Amplitude phase calculating means 60 calculates a Bode diagram of a load admittance using interconnection point voltage Vs and the arc furnace current I _L. That is, frequency analysis is performed for each of the arc furnace current _IL and the interconnection point voltage Vs to obtain an n-order (first order = 1/10 s = 0.1 Hz if the measurement window is 10 s), and the arc furnace current n The n-th order component load admittance Yarc (n) is calculated by dividing the next component by the n-th component of the interconnection point voltage, and the frequency characteristics of the amplitude and phase of this load admittance Yarc (n) are calculated.

  Specifically, in the configuration diagrams of FIGS. 3 and 4, the amplitude / phase calculation means 60 includes αβ conversion means 310 and 315, waveform memories 312, 313, 317 and 318, FFT 320, 322, 324 and 326, Normal phase calculation means 330, 335, reverse phase calculation means 370, 375, amplitude phase separation means 340, 345, 380, 385, dividers 350, 355, and adders 360, 365 are provided.

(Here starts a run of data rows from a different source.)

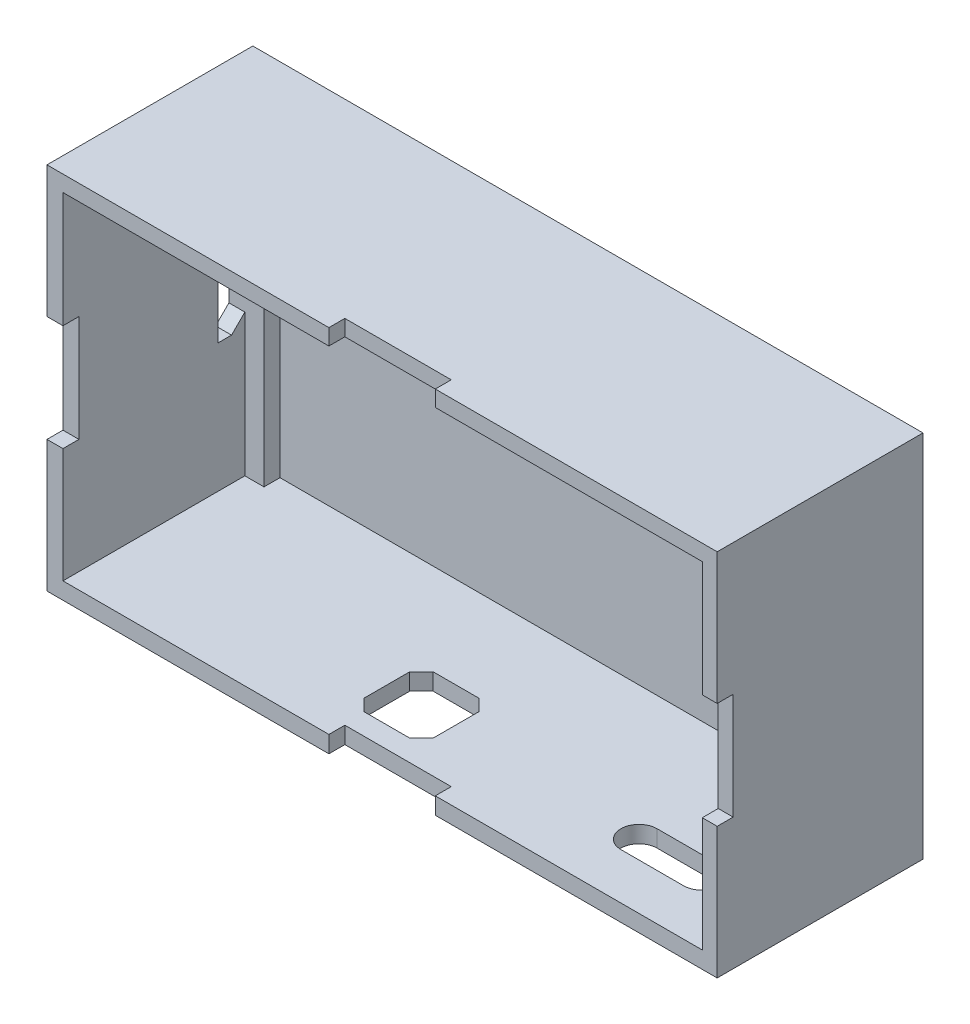
from build123d import *

# Parameters (mm, degrees)
CROQUIS1_W              = 58.2
CROQUIS1_H              = 31.7
CROQUIS1_R              = 1.55
SALIENTE_EXTRUIR1_DEPTH = 0.75
CROQUIS3_W              = 63
CROQUIS3_H              = 34.7
CROQUIS3_W_2            = 58.2
CROQUIS3_H_2            = 31.7
SALIENTE_EXTRUIR2_DEPTH = 2.25
CROQUIS4_W              = 63
CROQUIS4_H              = 34.7
CROQUIS4_W_2            = 60
CROQUIS4_H_2            = 31.619362532
SALIENTE_EXTRUIR3_DEPTH = 9.35
CROQUIS5_W              = 0.932931466
CROQUIS5_H              = 31.619362532
CORTAR_EXTRUIR1_DEPTH   = 10
CROQUIS6_W              = 0.932931466
CROQUIS6_H              = 31.619362532
SALIENTE_EXTRUIR4_DEPTH = 0.75
CROQUIS7_W              = 6.3
CROQUIS7_H              = 3.1
CORTAR_EXTRUIR2_DEPTH   = 10
CROQUIS9_W              = 63
CROQUIS9_H              = 34.7
CROQUIS9_W_2            = 60.1
CROQUIS9_H_2            = 31.619362532
SALIENTE_EXTRUIR5_DEPTH = 10
CROQUIS10_W             = 6.5
CROQUIS10_H             = 6.5
CORTAR_EXTRUIR3_DEPTH   = 10
CORTAR_EXTRUIR4_DEPTH   = 10
CROQUIS12_W             = 0.4
CROQUIS12_H             = 3.1
SALIENTE_EXTRUIR6_DEPTH = 1.580637468
CORTAR_EXTRUIR5_DEPTH   = 10
SALIENTE_EXTRUIR7_DEPTH = 1.580637468
CROQUIS15_W             = 63
CROQUIS15_H             = 34.7
SALIENTE_EXTRUIR8_DEPTH = 0.75
CORTAR_EXTRUIR6_DEPTH   = 1.5
CORTAR_EXTRUIR8_DEPTH   = 10
SALIENTE_EXTRUIR9_DEPTH = 1.5
CORTAR_EXTRUIR9_DEPTH   = 10


with BuildPart() as part:
    # Croquis1 → Saliente-Extruir1 (new body)
    with BuildSketch(Plane.XY):
        with Locations((5.077191095, -8.199822064)):
            Rectangle(CROQUIS1_W, CROQUIS1_H)
        with Locations((-20.872808905, 4.450177936)):
            Circle(CROQUIS1_R, mode=Mode.SUBTRACT)
        with Locations((31.027191095, 4.450177936)):
            Circle(CROQUIS1_R, mode=Mode.SUBTRACT)
        with Locations((-20.872808905, -20.849822064)):
            Circle(CROQUIS1_R, mode=Mode.SUBTRACT)
        with Locations((31.027191095, -20.849822064)):
            Circle(CROQUIS1_R, mode=Mode.SUBTRACT)
    extrude(amount=SALIENTE_EXTRUIR1_DEPTH)

    # Croquis3 → Saliente-Extruir2 (add)
    with BuildSketch(Plane(origin=(0, 0, 0), x_dir=(-1, 0, 0), z_dir=(0, 0, -1))):
        with Locations((-4.177191095, -8.199822064)):
            Rectangle(CROQUIS3_W, CROQUIS3_H)
        with Locations((-5.077191095, -8.199822064)):
            Rectangle(CROQUIS3_W_2, CROQUIS3_H_2, mode=Mode.SUBTRACT)
    extrude(amount=-SALIENTE_EXTRUIR2_DEPTH)

    # Croquis4 → Saliente-Extruir3 (add)
    with BuildSketch(Plane.XY):
        with Locations((4.177191095, -8.199822064)):
            Rectangle(CROQUIS4_W, CROQUIS4_H)
        with Locations((4.177191095, -8.15950333)):
            Rectangle(CROQUIS4_W_2, CROQUIS4_H_2, mode=Mode.SUBTRACT)
    extrude(amount=SALIENTE_EXTRUIR3_DEPTH)

    # Croquis5 → Cortar-Extruir1 (cut)
    with BuildSketch(Plane.XY):
        with Locations((33.810725362, -8.15950333)):
            Rectangle(CROQUIS5_W, CROQUIS5_H)
    extrude(amount=CORTAR_EXTRUIR1_DEPTH, mode=Mode.SUBTRACT)

    # Croquis6 → Saliente-Extruir4 (add)
    with BuildSketch(Plane(origin=(0, 0, 0), x_dir=(-1, 0, 0), z_dir=(0, 0, -1))):
        with Locations((-33.810725362, -8.15950333)):
            Rectangle(CROQUIS6_W, CROQUIS6_H)
    extrude(amount=-SALIENTE_EXTRUIR4_DEPTH)

    # Croquis7 → Cortar-Extruir2 (cut)
    with BuildSketch(Plane(origin=(0, -23.969184596, 0), x_dir=(1, 0, 0), z_dir=(0, 1, 0))):
        with Locations((27.127191095, -6.8)):
            Rectangle(CROQUIS7_W, CROQUIS7_H)
    extrude(amount=-CORTAR_EXTRUIR2_DEPTH, mode=Mode.SUBTRACT)

    # Croquis9 → Saliente-Extruir5 (add)
    with BuildSketch(Plane.XY.offset(9.35)):
        with Locations((4.177191095, -8.199822064)):
            Rectangle(CROQUIS9_W, CROQUIS9_H)
        with Locations((4.227191095, -8.15950333)):
            Rectangle(CROQUIS9_W_2, CROQUIS9_H_2, mode=Mode.SUBTRACT)
    extrude(amount=SALIENTE_EXTRUIR5_DEPTH)

    # Croquis10 → Cortar-Extruir3 (cut)
    with BuildSketch(Plane(origin=(0, -23.969184596, 0), x_dir=(1, 0, 0), z_dir=(0, 1, 0))):
        with Locations((1.127191095, -12.6)):
            Rectangle(CROQUIS10_W, CROQUIS10_H)
    extrude(amount=-CORTAR_EXTRUIR3_DEPTH, mode=Mode.SUBTRACT)

    # Croquis11 → Cortar-Extruir4 (cut)
    with BuildSketch(Plane(origin=(0, -23.969184596, 0), x_dir=(1, 0, 0), z_dir=(0, 1, 0))):
        with BuildLine():
            Line((22.277191095, -11.7), (28.177191095, -11.7))
            ThreePointArc((28.177191095, -11.7), (29.777191095, -13.3), (28.177191095, -14.9))
            Line((28.177191095, -14.9), (22.277191095, -14.9))
            ThreePointArc((22.277191095, -14.9), (20.677191095, -13.3), (22.277191095, -11.7))
        make_face()
    extrude(amount=-CORTAR_EXTRUIR4_DEPTH, mode=Mode.SUBTRACT)

    # Croquis12 → Saliente-Extruir6 (add)
    with BuildSketch(Plane.XZ.offset(25.549822064)):
        with Locations((24.177191095, 6.8)):
            Rectangle(CROQUIS12_W, CROQUIS12_H)
    extrude(amount=-SALIENTE_EXTRUIR6_DEPTH)

    # Croquis13 → Cortar-Extruir5 (cut)
    with BuildSketch(Plane(origin=(-25.822808905, 0, 0), x_dir=(0, 0, -1), z_dir=(1, 0, 0))):
        Polygon((-6.25, -4.434822064), (-5, -4.434822064), (-3.75, -5.684822064), (-3.75, -10.634822064), (-5, -11.884822064), (-6.25, -11.884822064), align=None)
    extrude(amount=-CORTAR_EXTRUIR5_DEPTH, mode=Mode.SUBTRACT)

    # Croquis14 → Saliente-Extruir7 (add)
    with BuildSketch(Plane.XZ.offset(25.549822064)):
        Polygon((4.377191095, 10.45), (3.277191095, 9.35), (4.377191095, 9.35), align=None)
        Polygon((-1.022808905, 9.35), (-2.122808905, 10.45), (-2.122808905, 9.35), align=None)
        Polygon((-2.122808905, 14.75), (-1.022808905, 15.85), (-2.122808905, 15.85), align=None)
        Polygon((3.277191095, 15.85), (4.377191095, 14.75), (4.377191095, 15.85), align=None)
    extrude(amount=-SALIENTE_EXTRUIR7_DEPTH)

    # Croquis15 → Saliente-Extruir8 (add)
    with BuildSketch(Plane(origin=(0, 0, 0), x_dir=(-1, 0, 0), z_dir=(0, 0, -1))):
        with Locations((-4.177191095, -8.199822064)):
            Rectangle(CROQUIS15_W, CROQUIS15_H)
    extrude(amount=-SALIENTE_EXTRUIR8_DEPTH)

    # Croquis16 → Cortar-Extruir6 (cut)
    with BuildSketch(Plane.XY.offset(19.35)):
        Polygon((-32.290822341, -3.199822064), (-0.822808905, -3.199822064), (-0.822808905, 14.947745762), (9.177191095, 14.947745762), (9.177191095, -3.199822064), (49.10392573, -3.199822064), (49.10392573, -13.199822064), (9.177191095, -13.199822064), (9.177191095, -34.683452232), (-0.822808905, -34.683452232), (-0.822808905, -13.199822064), (-32.290822341, -13.199822064), align=None)
    extrude(amount=-CORTAR_EXTRUIR6_DEPTH, mode=Mode.SUBTRACT)

    # Croquis17 → Cortar-Extruir8 (cut)
    with BuildSketch(Plane.XZ.offset(25.549822064)):
        with BuildLine():
            Line((22.277191095, 15), (28.177191095, 15))
            ThreePointArc((28.177191095, 15), (29.877191095, 13.3), (28.177191095, 11.6))
            Line((28.177191095, 11.6), (22.277191095, 11.6))
            ThreePointArc((22.277191095, 11.6), (20.577191095, 13.3), (22.277191095, 15))
        make_face()
    extrude(amount=-CORTAR_EXTRUIR8_DEPTH, mode=Mode.SUBTRACT)

    # Croquis22 → Saliente-Extruir9 (add)
    with BuildSketch(Plane.ZY.offset(27.322808905)):
        Polygon((6.25, -4.434822064), (6.25, -11.884822064), (5, -11.884822064), (3.75, -10.634822064), (3.75, -5.684822064), (5, -4.434822064), align=None)
    extrude(amount=-SALIENTE_EXTRUIR9_DEPTH)

    # Croquis24 → Cortar-Extruir9 (cut)
    with BuildSketch(Plane(origin=(-25.822808905, 0, 0), x_dir=(0, 0, -1), z_dir=(1, 0, 0))):
        Polygon((-2.25, -5.684822064), (-2.25, -10.634822064), (-3.501579003, -11.886401067), (-4.751579003, -11.886401067), (-4.751579003, -4.433243061), (-3.501579003, -4.433243061), align=None)
    extrude(amount=-CORTAR_EXTRUIR9_DEPTH, mode=Mode.SUBTRACT)


solid = part.part

The αβ conversion means 310 outputs an α-phase voltage Vsa and a β-phase voltage Vsb using the three-phase interconnection point voltage Vs (Vsu, Vsv, Vsw) based on the equations (1) and (2). .
Vsa = Vsu · 2 / 3−Vsv / 3−Vsw / 3 (1)
Vsb = Vsu / √3−Vsw / √3 (2)

αβ conversion unit 315 outputs the a-phase current Iarca and b current Iarcb using a three-phase arc furnace current _{I L (Iarcu, Iarcv, Iarcw} ) based on the equation (3) (4).
Iarca = Iarcu 2 / 3-Iarcv / 3-Iarcw / 3 (3)
Iarcb = Iarcu / √3−Iarcw / √3 (4)

  The waveform memories 312, 313, 317, and 318 store an α-phase voltage Vsa, a β-phase voltage Vsb, a current a-phase current Iarca, and a b current Iarcb for 10 seconds, respectively.

  The FFT converters 320, 322, 324, and 326 perform fast Fourier transform on the α-phase voltage Vsa, β-phase voltage Vsb, α-phase current Iarca, and β-phase current Iarcb, respectively, and sine wave components Vsas, Vsbs, and Iarcas, respectively. , Iarcbs and cosine wave components Vsac, Vsbc, Iarcac, Iarcbc. If the detection resolution is assumed to be 0.1 Hz, the sampling period necessary for the determination is T = 1 / 0.1 Hz = 10 seconds.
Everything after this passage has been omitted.